## Task statement
Retrieve all lines below that have the string "layer".

## The records
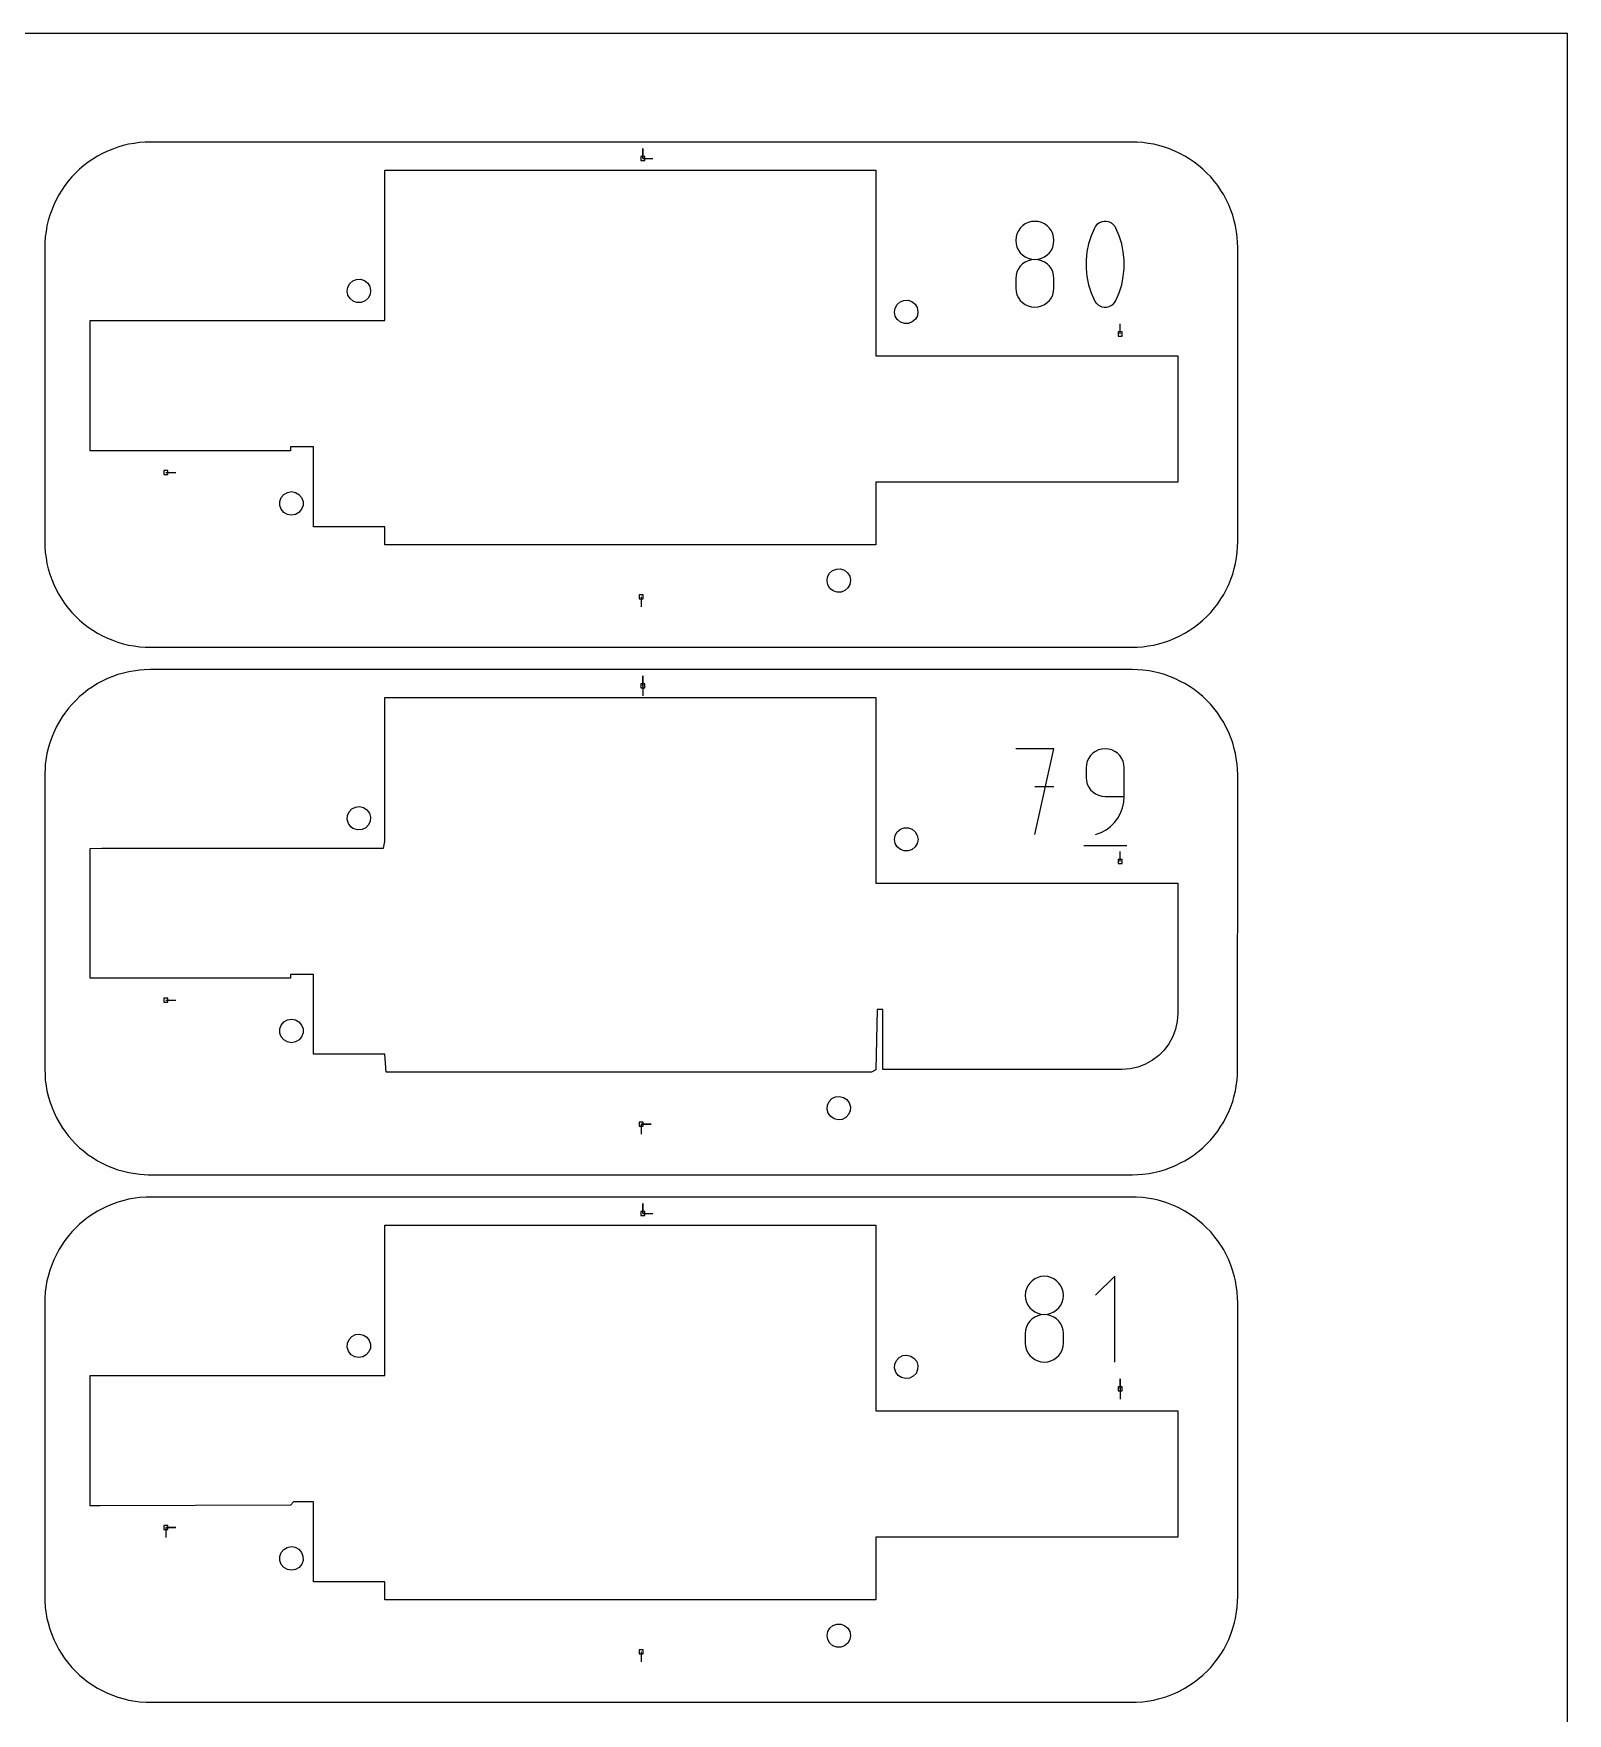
# Model space of a CAD drawing. Extents: x 0 to 570, y 0 to 470.
# Drawn here: x 351.4 to 570, y 230.6 to 470 of the extents above; entities that cross this region are included whole.
import ezdxf

# ---------------------------------------------------------------- set-up
doc = ezdxf.new("R2010")
doc.units = 0

msp = doc.modelspace()

# ---------------------------------------------------------------- linework, layer by layer
at = {"layer": 'annotation', "color": 1}
for p, q in [((438.255635, 452.215646), (438.255635, 453.644396)), ((438.255635, 452.215646), (438.255635, 453.644396)), ((438.255635, 453.644396), (438.255635, 452.215646)), ((438.255635, 452.215646), (439.684385, 452.215646)), ((493.166619, 443.073421), (492.743226, 442.872157)), ((493.626222, 443.199883), (493.166619, 443.073421)), ((494.114308, 443.243765), (493.626222, 443.199883)), ((494.602394, 443.199883), (494.114308, 443.243765)), ((494.114308, 443.243765), (494.114308, 443.243765)), ((495.061997, 443.073421), (494.602394, 443.199883)), ((495.485391, 442.872157), (495.061997, 443.073421)), ((503.181391, 442.95906), (502.952064, 442.776138)), ((503.436592, 443.098803), (503.181391, 442.95906)), ((503.711145, 443.193199), (503.436592, 443.098803)), ((503.998531, 443.240083), (503.711145, 443.193199)), ((504.292228, 443.237286), (503.998531, 443.240083)), ((504.585717, 443.182642), (504.292228, 443.237286)), ((504.872477, 443.073983), (504.585717, 443.182642)), ((504.982254, 443.016296), (504.872477, 443.073983)), ((504.872477, 443.073983), (504.872477, 443.073983)), ((505.087595, 442.950035), (504.982254, 443.016296)), ((505.187989, 442.875725), (505.087595, 442.950035)), ((491.43986, 441.016034), (491.395998, 440.529293)), ((491.395998, 440.529293), (491.395998, 440.529293)), ((491.395998, 440.529293), (491.439886, 440.040267)), ((491.566296, 441.47464), (491.43986, 441.016034)), ((491.767577, 441.897333), (491.566296, 441.47464)), ((492.035978, 442.276336), (491.767577, 441.897333)), ((492.36377, 442.603869), (492.035978, 442.276336)), ((492.743226, 442.872157), (492.36377, 442.603869)), ((495.864847, 442.603869), (495.485391, 442.872157)), ((496.192639, 442.276336), (495.864847, 442.603869)), ((496.461039, 441.897333), (496.192639, 442.276336)), ((496.662321, 441.47464), (496.461039, 441.897333)), ((496.788756, 441.016034), (496.662321, 441.47464)), ((496.788731, 440.040267), (496.832618, 440.529293)), ((496.832618, 440.529293), (496.788756, 441.016034)), ((496.832618, 440.529293), (496.832618, 440.529293)), ((502.127867, 441.185949), (501.775934, 440.05047)), ((502.597111, 442.289426), (502.127867, 441.185949)), ((502.755131, 442.552205), (502.597111, 442.289426)), ((502.597111, 442.289426), (502.597111, 442.289426)), ((502.952064, 442.776138), (502.755131, 442.552205)), ((505.282923, 442.79389), (505.187989, 442.875725)), ((505.371888, 442.705055), (505.282923, 442.79389)), ((505.454369, 442.609743), (505.371888, 442.705055)), ((505.529856, 442.508479), (505.454369, 442.609743)), ((505.597838, 442.401788), (505.529856, 442.508479)), ((505.657801, 442.290194), (505.597838, 442.401788)), ((506.129319, 441.184442), (505.657801, 442.290194)), ((505.657801, 442.290194), (505.657801, 442.290194)), ((506.482958, 440.047257), (506.129319, 441.184442)), ((491.439886, 440.040267), (491.566384, 439.579881)), ((491.566384, 439.579881), (491.767748, 439.155851)), ((491.767748, 439.155851), (492.03623, 438.77589)), ((492.03623, 438.77589), (492.364086, 438.447714)), ((492.364086, 438.447714), (492.743567, 438.179037)), ((492.743567, 438.179037), (493.166929, 437.977573)), ((495.061688, 437.977573), (495.485049, 438.179037)), ((495.485049, 438.179037), (495.864531, 438.447714)), ((495.864531, 438.447714), (496.192386, 438.77589)), ((496.192386, 438.77589), (496.460868, 439.155851)), ((496.460868, 439.155851), (496.662232, 439.579881)), ((496.662232, 439.579881), (496.788731, 440.040267)), ((501.541313, 438.892043), (501.424002, 437.719723)), ((501.775934, 440.05047), (501.541313, 438.892043)), ((506.718717, 438.887693), (506.482958, 440.047257)), ((506.836597, 437.714804), (506.718717, 438.887693)), ((491.566296, 436.034769), (491.43986, 435.574561)), ((491.767577, 436.458666), (491.566296, 436.034769)), ((492.035978, 436.83853), (491.767577, 436.458666)), ((492.36377, 437.166642), (492.035978, 436.83853)), ((492.743226, 437.435281), (492.36377, 437.166642)), ((493.166619, 437.636724), (492.743226, 437.435281)), ((493.626222, 437.763253), (493.166619, 437.636724)), ((493.166929, 437.977573), (493.626425, 437.851037)), ((494.114308, 437.807144), (493.626222, 437.763253)), ((493.626425, 437.851037), (494.114308, 437.807144)), ((494.114308, 437.807144), (494.602192, 437.851037)), ((494.602394, 437.763278), (494.114308, 437.807144)), ((494.114308, 437.807144), (494.114308, 437.807144)), ((494.114308, 437.807144), (494.114308, 437.807144)), ((494.602192, 437.851037), (495.061688, 437.977573)), ((495.061997, 437.636813), (494.602394, 437.763278)), ((495.485391, 437.435451), (495.061997, 437.636813)), ((495.864847, 437.166895), (495.485391, 437.435451)), ((496.192639, 436.838846), (495.864847, 437.166895)), ((496.461039, 436.459007), (496.192639, 436.838846)), ((496.662321, 436.035079), (496.461039, 436.459007)), ((496.788756, 435.574763), (496.662321, 436.035079)), ((501.424002, 437.719723), (501.424002, 436.542562)), ((501.424002, 436.542562), (501.541313, 435.369616)), ((506.718717, 435.365266), (506.836597, 436.537643)), ((506.836597, 436.537643), (506.836597, 437.714804)), ((491.43986, 435.574561), (491.395998, 435.085764)), ((491.395998, 435.085764), (491.395998, 433.731598)), ((491.395998, 433.731598), (491.395998, 433.731598)), ((491.395998, 433.731598), (491.439886, 433.242835)), ((496.788731, 433.242835), (496.832618, 433.731598)), ((496.832618, 435.085764), (496.788756, 435.574763)), ((496.832618, 433.731598), (496.832618, 435.085764)), ((496.832618, 435.085764), (496.832618, 435.085764)), ((501.541313, 435.369616), (501.775934, 434.209938)), ((501.775934, 434.209938), (502.127867, 433.072582)), ((506.129319, 433.071075), (506.482958, 434.206725)), ((506.482958, 434.206725), (506.718717, 435.365266)), ((491.439886, 433.242835), (491.566384, 432.783155)), ((491.566384, 432.783155), (491.767748, 432.360146)), ((491.767748, 432.360146), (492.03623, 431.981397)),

## Exercise solution
# ---------------------------------------------------------------- linework, layer by layer
at = {"layer": 'annotation', "color": 1}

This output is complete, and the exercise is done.